Мама вообще самым болезненным образом относилась к моим оценкам: само собой подразумевалось, что я должна быть лучше всех. Не будь этого обстоятельства, мое детство можно было бы назвать счастливым. Папа же никогда в такой мере не разжигал во мне честолюбие, хотя всю жизнь пребывал в безмятежной уверенности, что его дочь обязательно поступит как правильно, будет молодец и всех победит.
Папа – человек невероятно деликатной и тонкой души, любящий красоту во всех ее проявлениях, с содроганием отвращения относящийся ко всему вульгарному и грубому; он также методичен, обладает пристрастием к миниатюре, физически очень вынослив и терпелив, – и храбр в наивысшей степени. Интуитивно все это ощущая, в детстве я, говорят, аттестовала его так: «Папа, ты – охотник».
Мама: в маме много от хирурга. Она мастер меткого, короткого, чаще всего смешного рассказа (я бы сказала, чеховского, если бы мама любила Чехова). Мама почти мгновенно ухватывает явление прямо за сущность и победоносно держит; она пишет сразу набело, понимает шесть – семь языков, на английском говорит как на родном, тон имеет властно – доброжелательный, красиво поет, широчайше эрудирована, не любит попадать в смешное положение, но спартански – безжалостно может высмеивать себя сама. Много лет она находилась на командирской, полковничьей должности в крупном военном вузе, но это для нее совсем не предел: она могла бы свободно быть ректором, выдающимся дипломатом, главой небольшого государства. Или большого.
Мамину карьеру сгубили мы, дети. Мы болели, умирали, голосили, требовали внимания, а вы понимаете, что было такое раздобыть кружку молока через пять – шесть лет после войны? У меня был рахит, у сестры – порок сердца; она к тому же родилась почти без кожи, ее, я помню, держали чуть не в ваннах с синтомициновой эмульсией… А две другие сестры умерли в младенчестве. И как еще они умирали… Словом, в мире нет ни одного места, которое меньше подходило бы моей маме, чем детская, кроме кухни. Но, как мисс Офелия, вооружившись чувством долга, мама пошла вперед по выбранной стезе, включавшей роли хозяйки, жены, прислуги, медсестры, домашнего учителя, кухарки и горничной, эт сэтэра. Из всей нашей семьи мама больше всех способна на самопожертвование, и она его совершила. И совершает, ибо существуют не только дети, но и внуки, и зятья, – и все мы эту жертву без зазрения (а хоть бы и с зазрением, что это меняет!) – приняли и принимаем ежедневно. Mea culpa. Mea maxima culpa, mama!

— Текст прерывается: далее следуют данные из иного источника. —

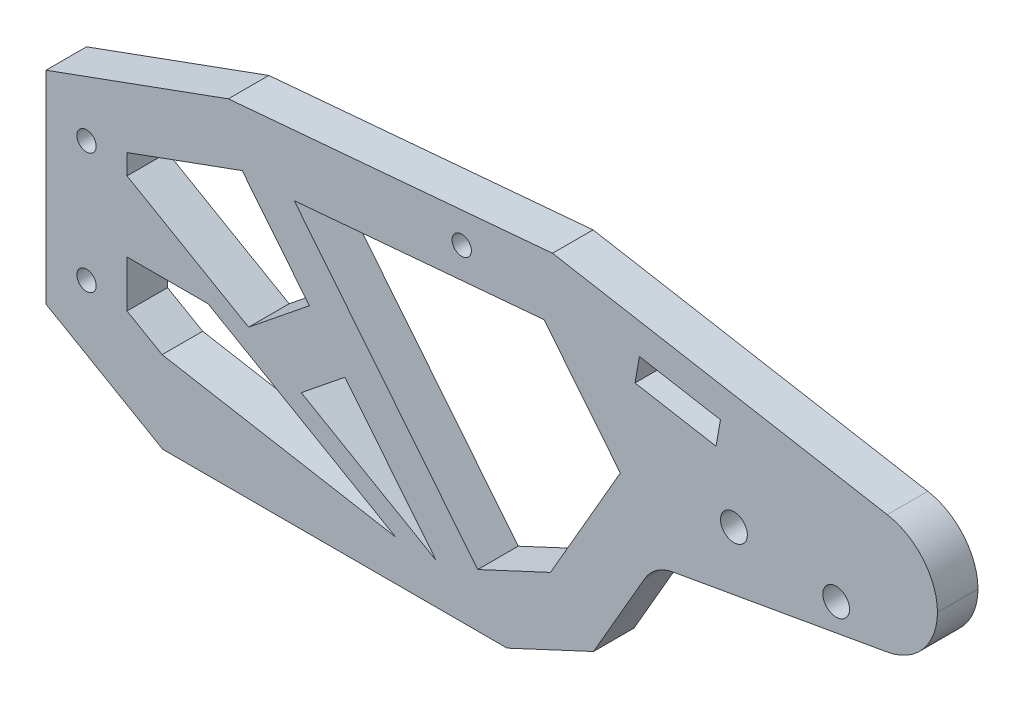
SolidWorks part; units mm, degrees
ref_plane "Plan de face" through (0, 0, 0) normal (0, 0, 1) x (1, 0, 0)
ref_plane "Plan de dessus" through (0, 0, 0) normal (0, 1, 0) x (1, 0, 0)
ref_plane "Plan de droite" through (0, 0, 0) normal (1, 0, 0) x (0, 0, -1)
sketch "Esquisse1" plane through (0, 0, 0) normal (0, 0, 1) x (1, 0, 0)
  line L1 (0, 0) -> (220, 0)
  line L2 (0, 0) -> (0, 90)
  line L3 (0, 90) -> (220, 90)
  line L4 (220, 0) -> (220, 90)
  dimension "D1" = 90
  dimension "D2" = 220
extrude "Boss.-Extru.1" add sketch "Esquisse1" along normal blind 10 contours L3 L4 L1 L2
sketch "Esquisse2" plane through (0, 0, 10) normal (0, 0, 1) x (1, 0, 0)
  line L0 (220, 73.2489) -> (125, 90)
  line L1 (220, 0) -> (220, 90) construction
  line L2 (0, 90) -> (220, 90) construction
  line L3 (125, 90) -> (45, 83.0009)
  line L4 (45, 83.0009) -> (0, 66.6222)
  line L5 (0, 0) -> (0, 90) construction
  line L6 (0, 66.6222) -> (0, 16.6222)
  line L7 (0, 16.6222) -> (28.7906, 0)
  line L8 (0, 0) -> (220, 0) construction
  line L9 (28.7906, 0) -> (113.7906, 0)
  line L10 (113.7906, 0) -> (135.1213, 9.9467)
  line L11 (135.1213, 9.9467) -> (150.1213, 35.9274)
  line L12 (150.1213, 35.9274) -> (220, 48.2489)
  line L13 (220, 48.2489) -> (220, 73.2489)
  dimension "D1" = 10
  dimension "D2" = 10
  dimension "D3" = 25
  dimension "D4" = 30
  dimension "D5" = 15
  dimension "D6" = 5
  dimension "D7" = 25
  dimension "D8" = 50
  dimension "D9" = 45
  dimension "D10" = 95
  dimension "D11" = 15
  dimension "D12" = 85
extrude "Enlèv. mat.-Extru.1" cut sketch "Esquisse2" against normal through all flip side to cut
sketch "Esquisse3" plane through (0, 0, 10) normal (0, 0, 1) x (1, 0, 0)
  line L0 (124.4956, 21.5425) -> (141.7327, 51.398)
  line L1 (141.7327, 51.398) -> (122.9121, 74.76)
  line L2 (122.9121, 74.76) -> (61.2631, 69.3664)
  line L3 (61.2631, 69.3664) -> (106.537, 13.1682)
  line L4 (96.248, 10) -> (73.7768, 37.8934)
  line L5 (73.7768, 37.8934) -> (62.9886, 29.2023)
  line L6 (62.9886, 29.2023) -> (96.248, 10)
  line L8 (20, 25.1543) -> (20, 36.7013)
  line L9 (20, 36.7013) -> (40, 36.7013)
  line L10 (40, 36.7013) -> (86.248, 10)
  line L11 (20, 54.0218) -> (49.9982, 36.7023)
  line L12 (49.9982, 36.7023) -> (65, 48.7879)
  line L13 (65, 48.7879) -> (48.4217, 69.3664)
  line L14 (48.4217, 69.3664) -> (20, 59.0218)
  line L15 (20, 59.0218) -> (20, 54.0218)
  line L16 (125, 90) -> (45, 83.0009) construction
  line L17 (135.1213, 9.9467) -> (150.1213, 35.9274) construction
  line L18 (0, 16.6222) -> (28.7906, 0) construction
  line L19 (113.7906, 0) -> (135.1213, 9.9467) construction
  line L20 (28.6603, 20.1543) -> (86.248, 10)
  line L21 (45, 83.0009) -> (0, 66.6222) construction
  line L22 (0, 16.6222) -> (0, 66.6222) construction
  line L23 (106.537, 13.1682) -> (124.4956, 21.5425)
  line L24 (28.7906, 0) -> (113.7906, 0) construction
  line L25 (20, 25.1543) -> (28.6603, 20.1543)
  dimension "D1" = 10
  dimension "D2" = 30
  dimension "D3" = 5
  dimension "D4" = 20
  dimension "D5" = 45
  dimension "D6" = 10
  dimension "D7" = 20
  dimension "D9" = 15
  dimension "D10" = 5
  dimension "D11" = 15
  dimension "D12" = 15
  dimension "D13" = 20
  dimension "D14" = 15
  dimension "D15" = 10
  dimension "D16" = 20
extrude "Enlèv. mat.-Extru.2" cut sketch "Esquisse3" against normal through all
fillet "Congé1" radius 15 2 edges at (220, 73.2489, 5) (220, 48.2489, 5)
sketch "Esquisse4" plane through (0, 0, 10) normal (0, 0, 1) x (1, 0, 0)
  line L0 (194.9998, 50.5372) -> (194.9998, 77.6572) construction
  line L1 (207.6047, 75.4346) -> (125, 90) construction
  circle A0 centre (194.9998, 50.5372) radius 3.305
  circle A1 centre (169.7666, 53.837) radius 3.305
  point P8 (0, 0)
  dimension "D1" = 6.61
  dimension "D2" = 25
  dimension "D4" = 25.2331
  dimension "D3" = 27.12
  dimension "D5" = 3.2998
extrude "Enlèv. mat.-Extru.3" cut sketch "Esquisse4" against normal through all
hole_wizard "Perçage pour écrous auto-bloquants 300® #6 (SP)1" positions "Esquisse5" profile "Esquisse6" hole size "#6-32" standard "PEM® Inch" end condition through all
sketch "Esquisse5" plane through (0, 0, 10) normal (0, 0, 1) x (1, 0, 0)
  line L21 (102.9121, 73.0103) -> (102.5846, 80.5103) construction
  line L22 (102.5846, 80.5103) -> (102.2572, 88.0103) construction
  line L24 (122.9121, 74.76) -> (61.2631, 69.3664) construction
  line L25 (125, 90) -> (45, 83.0009) construction
  point P41 (102.5846, 80.5103)
  dimension "D1" = 7.5
  dimension "D2" = 20
sketch "Esquisse6" plane through (102.5846, 80.5103, 10) normal (1, 0, 0) x (0, -1, 0)
  line L0 (0, 0) -> (0, 10)
  line L1 (0, 10) -> (2.3812, 10)
  line L2 (2.3812, 10) -> (2.3812, 0)
  line L5 (2.3812, 0) -> (0, 0)
  line L11 (0, -6.35) -> (0, 107.95) construction
  dimension "Diamètre du perçage jusqu'au prochain" = 4.7625
  dimension "Profondeur du perçage jusqu'au prochain" = 10
hole_wizard "Perçage pour écrous auto-bloquants 300® #6 (SP)2" positions "Esquisse8" profile "Esquisse9" hole size "#6-32" standard "PEM® Inch" end condition through all
sketch "Esquisse8" plane through (0, 0, 10) normal (0, 0, 1) x (1, 0, 0)
  line L0 (10, 56.5218) -> (0, 56.5218) construction
  line L1 (0, 16.6222) -> (0, 66.6222) construction
  line L3 (10, 56.5218) -> (20, 56.5218) construction
  line L4 (20, 59.0218) -> (20, 54.0218) construction
  line L6 (10, 56.5218) -> (10, 26.7227) construction
  point P0 (10, 56.5218)
  point P2 (10, 26.7227)
  point P23 (0, 41.6222)
  point P24 (10, 41.6222)
  point P26 (20, 56.5218)
sketch "Esquisse9" plane through (10, 56.5218, 10) normal (1, 0, 0) x (0, -1, 0)
  line L0 (0, 0) -> (0, 10)
  line L1 (0, 10) -> (2.3812, 10)
  line L2 (2.3812, 10) -> (2.3812, 0)
  line L5 (2.3812, 0) -> (0, 0)
  line L11 (0, -6.35) -> (0, 107.95) construction
  dimension "Diamètre du perçage jusqu'au prochain" = 4.7625
  dimension "Profondeur du perçage jusqu'au prochain" = 10
sketch "Esquisse10" plane through (0, 0, 10) normal (0, 0, 1) x (1, 0, 0)
  line L0 (146.451, 78.6628) -> (145.357, 72.4586)
  line L1 (146.451, 78.6628) -> (166.4426, 75.1378)
  line L2 (145.357, 72.4586) -> (165.3486, 68.9335)
  line L3 (166.4426, 75.1378) -> (165.3486, 68.9335)
  line L4 (155.3528, 70.696) -> (194.9998, 50.5372) construction
  line L6 (207.6047, 75.4346) -> (125, 90) construction
  dimension "D1" = 20.3
  dimension "D2" = 6.3
  dimension "D3" = 44.4777
  dimension "D4" = 7.44
extrude "Enlèv. mat.-Extru.4" cut sketch "Esquisse10" against normal blind 10 contours L1 L3 L2 L0
fillet "Congé2" radius 10 1 edges at (150.1213, 35.9274, 5)

Ибо мое первое замужество и было тем потрясением основ нашего бытия, которое положило начало цепи трагедий в семье. До него у нас с мамой было много прекрасных, радостных дней, полных смеха и смысла. Были два или три сезона, когда мы с ней знали буквально все театральные постановки в городе. Были переводы с древних языков: представьте, что я в восьмом классе сделала поэтический перевод гимна Кэдмона – как вам? А как вам то, что в свое время мама, будучи едва старше, сделала перевод Евангелия от Матфея с готского языка? (В детях гениев природа отдыхает, возможно, мудро припомните вы. А тогда как вам то, что мой младший сын безо всякой помпы переводит сейчас Lord of the Rings?)